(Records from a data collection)
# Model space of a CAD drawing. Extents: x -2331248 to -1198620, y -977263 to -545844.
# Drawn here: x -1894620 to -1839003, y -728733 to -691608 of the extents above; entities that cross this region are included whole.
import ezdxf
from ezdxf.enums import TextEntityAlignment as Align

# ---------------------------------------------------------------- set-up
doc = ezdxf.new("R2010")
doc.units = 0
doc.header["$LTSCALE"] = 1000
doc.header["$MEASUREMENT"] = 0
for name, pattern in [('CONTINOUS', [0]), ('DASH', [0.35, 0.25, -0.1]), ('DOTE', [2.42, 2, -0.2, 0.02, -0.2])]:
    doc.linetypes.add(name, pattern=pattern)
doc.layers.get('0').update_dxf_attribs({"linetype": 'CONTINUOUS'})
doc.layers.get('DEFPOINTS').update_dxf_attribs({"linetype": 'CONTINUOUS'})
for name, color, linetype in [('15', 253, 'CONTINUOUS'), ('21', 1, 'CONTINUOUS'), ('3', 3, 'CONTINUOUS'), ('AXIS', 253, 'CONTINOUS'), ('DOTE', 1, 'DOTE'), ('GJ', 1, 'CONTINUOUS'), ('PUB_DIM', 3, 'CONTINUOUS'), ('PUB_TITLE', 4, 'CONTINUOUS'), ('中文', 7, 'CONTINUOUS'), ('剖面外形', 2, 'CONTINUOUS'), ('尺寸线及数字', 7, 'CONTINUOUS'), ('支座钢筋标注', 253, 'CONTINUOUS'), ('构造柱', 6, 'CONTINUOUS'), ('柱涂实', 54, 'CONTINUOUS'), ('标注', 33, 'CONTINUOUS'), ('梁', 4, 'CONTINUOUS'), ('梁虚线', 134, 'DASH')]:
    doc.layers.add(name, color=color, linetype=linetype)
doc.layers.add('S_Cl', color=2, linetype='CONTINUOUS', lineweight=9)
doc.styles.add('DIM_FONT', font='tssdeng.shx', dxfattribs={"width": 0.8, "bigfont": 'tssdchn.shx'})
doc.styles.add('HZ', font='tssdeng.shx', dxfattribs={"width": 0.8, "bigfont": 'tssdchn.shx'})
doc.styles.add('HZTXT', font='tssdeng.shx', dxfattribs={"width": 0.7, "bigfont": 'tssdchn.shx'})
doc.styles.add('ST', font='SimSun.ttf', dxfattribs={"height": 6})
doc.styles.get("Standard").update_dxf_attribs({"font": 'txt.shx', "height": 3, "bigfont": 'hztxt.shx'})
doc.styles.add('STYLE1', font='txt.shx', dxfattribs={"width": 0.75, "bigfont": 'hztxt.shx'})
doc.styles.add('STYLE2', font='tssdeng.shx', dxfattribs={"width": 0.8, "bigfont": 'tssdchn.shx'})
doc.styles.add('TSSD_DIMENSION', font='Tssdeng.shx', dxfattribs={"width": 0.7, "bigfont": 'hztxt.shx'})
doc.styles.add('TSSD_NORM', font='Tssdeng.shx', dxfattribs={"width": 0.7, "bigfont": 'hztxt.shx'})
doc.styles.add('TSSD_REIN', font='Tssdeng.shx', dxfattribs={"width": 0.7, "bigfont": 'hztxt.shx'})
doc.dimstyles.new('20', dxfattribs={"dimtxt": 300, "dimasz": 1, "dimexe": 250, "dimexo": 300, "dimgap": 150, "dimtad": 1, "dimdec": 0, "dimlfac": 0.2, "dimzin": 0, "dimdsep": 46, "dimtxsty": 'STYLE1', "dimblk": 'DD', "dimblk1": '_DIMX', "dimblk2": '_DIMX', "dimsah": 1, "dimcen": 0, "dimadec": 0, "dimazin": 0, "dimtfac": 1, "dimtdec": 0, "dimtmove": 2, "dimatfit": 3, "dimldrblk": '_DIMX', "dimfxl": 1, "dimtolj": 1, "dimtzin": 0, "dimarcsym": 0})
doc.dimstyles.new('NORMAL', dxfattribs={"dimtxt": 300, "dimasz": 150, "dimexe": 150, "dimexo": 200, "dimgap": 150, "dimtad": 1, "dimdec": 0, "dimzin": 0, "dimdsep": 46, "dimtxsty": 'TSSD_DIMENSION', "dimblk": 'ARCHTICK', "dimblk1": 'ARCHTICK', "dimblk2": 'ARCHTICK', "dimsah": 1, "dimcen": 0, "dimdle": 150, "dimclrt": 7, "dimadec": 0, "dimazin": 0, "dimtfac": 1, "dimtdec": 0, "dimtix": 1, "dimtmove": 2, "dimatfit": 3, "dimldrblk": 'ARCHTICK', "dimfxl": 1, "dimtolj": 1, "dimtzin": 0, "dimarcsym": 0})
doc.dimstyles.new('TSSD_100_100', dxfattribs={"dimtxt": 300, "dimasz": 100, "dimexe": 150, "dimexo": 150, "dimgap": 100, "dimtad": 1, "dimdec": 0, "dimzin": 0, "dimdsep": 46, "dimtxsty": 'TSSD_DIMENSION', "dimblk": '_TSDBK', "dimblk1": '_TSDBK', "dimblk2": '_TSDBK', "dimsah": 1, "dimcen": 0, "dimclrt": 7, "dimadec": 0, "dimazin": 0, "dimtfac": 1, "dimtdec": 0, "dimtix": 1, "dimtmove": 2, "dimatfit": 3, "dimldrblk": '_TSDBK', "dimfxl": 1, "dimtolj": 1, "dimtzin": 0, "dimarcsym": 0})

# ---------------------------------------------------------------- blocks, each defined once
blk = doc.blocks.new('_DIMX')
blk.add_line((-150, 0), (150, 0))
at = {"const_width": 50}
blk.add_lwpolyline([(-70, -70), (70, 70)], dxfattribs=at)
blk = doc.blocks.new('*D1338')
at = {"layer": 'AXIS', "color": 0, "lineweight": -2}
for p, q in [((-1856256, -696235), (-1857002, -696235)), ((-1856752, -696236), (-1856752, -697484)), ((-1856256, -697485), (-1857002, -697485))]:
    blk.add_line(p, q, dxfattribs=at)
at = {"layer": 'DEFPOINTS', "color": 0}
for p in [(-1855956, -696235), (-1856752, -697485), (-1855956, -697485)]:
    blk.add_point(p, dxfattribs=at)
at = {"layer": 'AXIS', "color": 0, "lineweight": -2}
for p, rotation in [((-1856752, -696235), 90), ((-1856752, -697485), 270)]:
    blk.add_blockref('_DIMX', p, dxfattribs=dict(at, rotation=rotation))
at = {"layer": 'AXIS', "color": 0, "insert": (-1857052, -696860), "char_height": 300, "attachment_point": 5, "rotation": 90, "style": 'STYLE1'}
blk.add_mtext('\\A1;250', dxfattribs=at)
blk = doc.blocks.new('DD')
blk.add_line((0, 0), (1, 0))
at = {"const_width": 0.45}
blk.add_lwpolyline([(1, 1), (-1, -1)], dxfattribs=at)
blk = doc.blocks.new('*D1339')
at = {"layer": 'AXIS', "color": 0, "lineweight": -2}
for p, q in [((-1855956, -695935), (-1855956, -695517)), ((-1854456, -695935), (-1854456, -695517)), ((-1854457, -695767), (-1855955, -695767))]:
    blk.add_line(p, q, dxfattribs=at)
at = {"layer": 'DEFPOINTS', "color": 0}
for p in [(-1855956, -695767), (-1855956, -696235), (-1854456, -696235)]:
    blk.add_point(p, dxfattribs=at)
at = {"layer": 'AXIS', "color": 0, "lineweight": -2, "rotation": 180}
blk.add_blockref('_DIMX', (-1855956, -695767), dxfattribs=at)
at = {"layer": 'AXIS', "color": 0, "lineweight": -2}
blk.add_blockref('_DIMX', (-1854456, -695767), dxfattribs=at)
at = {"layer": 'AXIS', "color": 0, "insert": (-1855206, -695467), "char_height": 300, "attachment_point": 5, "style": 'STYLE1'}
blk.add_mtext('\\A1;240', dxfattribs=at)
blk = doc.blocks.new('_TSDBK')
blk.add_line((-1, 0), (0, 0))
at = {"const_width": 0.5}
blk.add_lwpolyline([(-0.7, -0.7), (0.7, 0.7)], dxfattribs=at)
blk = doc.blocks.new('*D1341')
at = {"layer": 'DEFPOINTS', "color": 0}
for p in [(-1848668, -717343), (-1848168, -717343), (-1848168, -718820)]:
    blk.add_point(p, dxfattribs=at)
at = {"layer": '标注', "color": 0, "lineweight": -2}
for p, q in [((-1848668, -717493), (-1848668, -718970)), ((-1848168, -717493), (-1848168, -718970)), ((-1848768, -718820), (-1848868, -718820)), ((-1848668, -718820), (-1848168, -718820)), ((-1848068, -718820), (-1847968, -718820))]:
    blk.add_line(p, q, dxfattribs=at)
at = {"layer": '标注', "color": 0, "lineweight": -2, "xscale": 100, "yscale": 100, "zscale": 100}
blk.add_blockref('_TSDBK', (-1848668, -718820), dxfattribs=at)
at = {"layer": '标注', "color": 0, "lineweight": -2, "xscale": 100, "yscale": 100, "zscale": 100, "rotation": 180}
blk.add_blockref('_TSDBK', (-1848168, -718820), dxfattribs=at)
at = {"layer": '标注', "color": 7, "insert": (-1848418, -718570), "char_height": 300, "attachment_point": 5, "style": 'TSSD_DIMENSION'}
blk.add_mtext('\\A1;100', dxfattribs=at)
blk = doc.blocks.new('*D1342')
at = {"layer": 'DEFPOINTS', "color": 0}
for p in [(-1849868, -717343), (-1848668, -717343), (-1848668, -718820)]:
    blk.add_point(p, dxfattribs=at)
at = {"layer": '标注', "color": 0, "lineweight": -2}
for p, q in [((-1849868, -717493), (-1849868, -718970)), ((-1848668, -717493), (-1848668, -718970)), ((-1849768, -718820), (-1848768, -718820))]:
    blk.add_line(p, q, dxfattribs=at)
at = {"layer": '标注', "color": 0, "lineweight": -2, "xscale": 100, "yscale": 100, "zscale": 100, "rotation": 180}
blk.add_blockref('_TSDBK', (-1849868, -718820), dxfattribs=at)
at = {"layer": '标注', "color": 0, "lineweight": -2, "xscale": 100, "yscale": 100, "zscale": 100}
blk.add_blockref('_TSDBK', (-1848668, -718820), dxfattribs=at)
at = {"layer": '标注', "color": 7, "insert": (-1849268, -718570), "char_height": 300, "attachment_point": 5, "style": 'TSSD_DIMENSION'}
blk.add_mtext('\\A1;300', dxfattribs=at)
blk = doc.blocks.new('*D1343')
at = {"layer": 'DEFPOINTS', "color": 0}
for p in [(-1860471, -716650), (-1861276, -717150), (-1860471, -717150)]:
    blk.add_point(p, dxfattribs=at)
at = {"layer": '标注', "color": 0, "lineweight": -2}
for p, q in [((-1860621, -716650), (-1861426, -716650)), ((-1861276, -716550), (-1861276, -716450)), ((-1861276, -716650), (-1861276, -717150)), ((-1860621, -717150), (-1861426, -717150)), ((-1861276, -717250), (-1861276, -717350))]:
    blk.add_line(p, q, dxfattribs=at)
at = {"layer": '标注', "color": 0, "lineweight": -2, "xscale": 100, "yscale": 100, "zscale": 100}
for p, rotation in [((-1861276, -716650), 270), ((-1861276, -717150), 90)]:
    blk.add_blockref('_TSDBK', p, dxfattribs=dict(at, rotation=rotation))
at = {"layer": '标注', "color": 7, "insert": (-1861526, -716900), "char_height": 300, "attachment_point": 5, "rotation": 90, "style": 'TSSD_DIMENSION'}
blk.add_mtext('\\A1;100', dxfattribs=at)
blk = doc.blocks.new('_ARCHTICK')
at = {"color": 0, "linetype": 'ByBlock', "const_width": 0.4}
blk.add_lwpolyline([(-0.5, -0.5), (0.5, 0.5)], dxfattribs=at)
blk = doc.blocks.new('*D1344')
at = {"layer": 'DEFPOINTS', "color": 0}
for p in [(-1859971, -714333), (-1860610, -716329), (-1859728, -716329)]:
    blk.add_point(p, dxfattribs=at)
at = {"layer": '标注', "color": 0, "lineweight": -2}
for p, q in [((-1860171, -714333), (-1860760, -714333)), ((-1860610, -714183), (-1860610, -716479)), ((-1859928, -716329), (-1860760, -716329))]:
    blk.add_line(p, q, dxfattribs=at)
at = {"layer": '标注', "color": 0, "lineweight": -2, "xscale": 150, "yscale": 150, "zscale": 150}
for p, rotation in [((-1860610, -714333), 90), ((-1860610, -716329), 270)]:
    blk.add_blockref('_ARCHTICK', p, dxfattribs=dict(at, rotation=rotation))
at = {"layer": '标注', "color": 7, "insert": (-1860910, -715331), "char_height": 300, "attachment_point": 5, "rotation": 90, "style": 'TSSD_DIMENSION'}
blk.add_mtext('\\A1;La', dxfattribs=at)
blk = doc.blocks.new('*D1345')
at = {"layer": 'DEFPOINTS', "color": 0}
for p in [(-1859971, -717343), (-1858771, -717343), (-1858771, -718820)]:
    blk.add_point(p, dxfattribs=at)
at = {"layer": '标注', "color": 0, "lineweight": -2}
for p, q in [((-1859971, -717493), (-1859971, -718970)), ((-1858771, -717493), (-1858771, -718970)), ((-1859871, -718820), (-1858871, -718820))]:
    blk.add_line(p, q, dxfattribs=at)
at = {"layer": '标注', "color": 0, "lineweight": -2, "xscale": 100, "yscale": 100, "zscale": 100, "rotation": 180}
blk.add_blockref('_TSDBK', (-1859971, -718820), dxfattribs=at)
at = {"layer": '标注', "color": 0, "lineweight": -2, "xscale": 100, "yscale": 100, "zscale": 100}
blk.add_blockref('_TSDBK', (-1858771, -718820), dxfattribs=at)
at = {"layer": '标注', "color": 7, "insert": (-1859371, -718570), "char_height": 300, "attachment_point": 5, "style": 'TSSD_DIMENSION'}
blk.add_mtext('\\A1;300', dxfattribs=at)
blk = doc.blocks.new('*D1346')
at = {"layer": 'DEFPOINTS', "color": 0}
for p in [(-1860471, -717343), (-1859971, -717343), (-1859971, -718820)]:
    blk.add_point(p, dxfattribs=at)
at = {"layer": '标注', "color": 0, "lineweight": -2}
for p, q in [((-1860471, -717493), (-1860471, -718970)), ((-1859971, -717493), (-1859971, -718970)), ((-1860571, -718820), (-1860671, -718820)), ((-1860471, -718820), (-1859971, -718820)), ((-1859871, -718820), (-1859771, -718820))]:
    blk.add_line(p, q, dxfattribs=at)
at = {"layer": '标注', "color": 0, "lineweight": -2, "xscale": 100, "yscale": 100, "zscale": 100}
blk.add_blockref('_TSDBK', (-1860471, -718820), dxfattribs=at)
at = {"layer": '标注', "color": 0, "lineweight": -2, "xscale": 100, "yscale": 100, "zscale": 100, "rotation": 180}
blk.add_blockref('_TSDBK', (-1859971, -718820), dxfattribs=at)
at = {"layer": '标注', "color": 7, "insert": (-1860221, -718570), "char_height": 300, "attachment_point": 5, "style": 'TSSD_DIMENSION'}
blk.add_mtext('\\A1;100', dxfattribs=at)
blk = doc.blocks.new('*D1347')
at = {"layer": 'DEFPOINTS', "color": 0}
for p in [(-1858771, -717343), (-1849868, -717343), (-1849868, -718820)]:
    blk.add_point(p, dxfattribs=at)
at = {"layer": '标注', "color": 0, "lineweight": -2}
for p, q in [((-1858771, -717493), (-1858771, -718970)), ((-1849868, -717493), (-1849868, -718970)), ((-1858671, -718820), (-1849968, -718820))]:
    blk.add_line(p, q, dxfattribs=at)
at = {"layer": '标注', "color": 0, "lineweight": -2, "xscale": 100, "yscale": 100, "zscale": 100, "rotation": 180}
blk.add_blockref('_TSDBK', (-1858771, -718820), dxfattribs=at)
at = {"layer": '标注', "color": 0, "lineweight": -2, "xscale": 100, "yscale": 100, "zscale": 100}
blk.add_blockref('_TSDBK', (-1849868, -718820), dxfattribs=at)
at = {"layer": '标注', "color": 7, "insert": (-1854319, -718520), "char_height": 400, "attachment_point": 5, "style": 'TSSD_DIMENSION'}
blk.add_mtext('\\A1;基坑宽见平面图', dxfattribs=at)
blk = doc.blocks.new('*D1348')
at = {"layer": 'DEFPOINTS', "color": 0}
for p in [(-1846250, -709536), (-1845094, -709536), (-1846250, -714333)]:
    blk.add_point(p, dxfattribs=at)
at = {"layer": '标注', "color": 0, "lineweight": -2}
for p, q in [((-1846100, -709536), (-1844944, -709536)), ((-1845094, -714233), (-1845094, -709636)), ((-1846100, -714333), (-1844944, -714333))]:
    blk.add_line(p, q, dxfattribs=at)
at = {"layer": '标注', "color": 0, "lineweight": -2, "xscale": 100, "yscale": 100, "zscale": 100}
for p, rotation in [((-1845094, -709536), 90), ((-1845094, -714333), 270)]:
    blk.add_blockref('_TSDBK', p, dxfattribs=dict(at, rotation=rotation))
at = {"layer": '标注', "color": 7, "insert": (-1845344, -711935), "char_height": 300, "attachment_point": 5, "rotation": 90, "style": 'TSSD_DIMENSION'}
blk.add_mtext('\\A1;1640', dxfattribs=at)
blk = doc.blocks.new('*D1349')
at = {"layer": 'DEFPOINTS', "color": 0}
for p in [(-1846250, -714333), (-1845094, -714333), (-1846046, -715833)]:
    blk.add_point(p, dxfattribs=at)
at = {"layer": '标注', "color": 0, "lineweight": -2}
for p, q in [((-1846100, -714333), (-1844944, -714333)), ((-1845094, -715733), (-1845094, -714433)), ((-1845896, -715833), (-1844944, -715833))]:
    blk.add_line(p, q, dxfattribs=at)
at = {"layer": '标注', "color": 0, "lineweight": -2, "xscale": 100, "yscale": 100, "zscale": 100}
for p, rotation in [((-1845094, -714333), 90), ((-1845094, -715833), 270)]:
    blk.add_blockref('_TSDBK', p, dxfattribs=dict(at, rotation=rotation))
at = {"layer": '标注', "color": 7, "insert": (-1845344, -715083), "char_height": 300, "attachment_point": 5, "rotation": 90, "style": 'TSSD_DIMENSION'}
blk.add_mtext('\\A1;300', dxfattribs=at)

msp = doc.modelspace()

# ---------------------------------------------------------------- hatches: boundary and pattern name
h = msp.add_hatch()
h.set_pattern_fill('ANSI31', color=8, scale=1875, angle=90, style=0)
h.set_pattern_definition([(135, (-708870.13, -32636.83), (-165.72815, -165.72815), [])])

EXERCISE — Lines with "header": find them in the data and copy each one.

ANSWER SECTION —
doc.header["$LTSCALE"] = 1000
doc.header["$MEASUREMENT"] = 0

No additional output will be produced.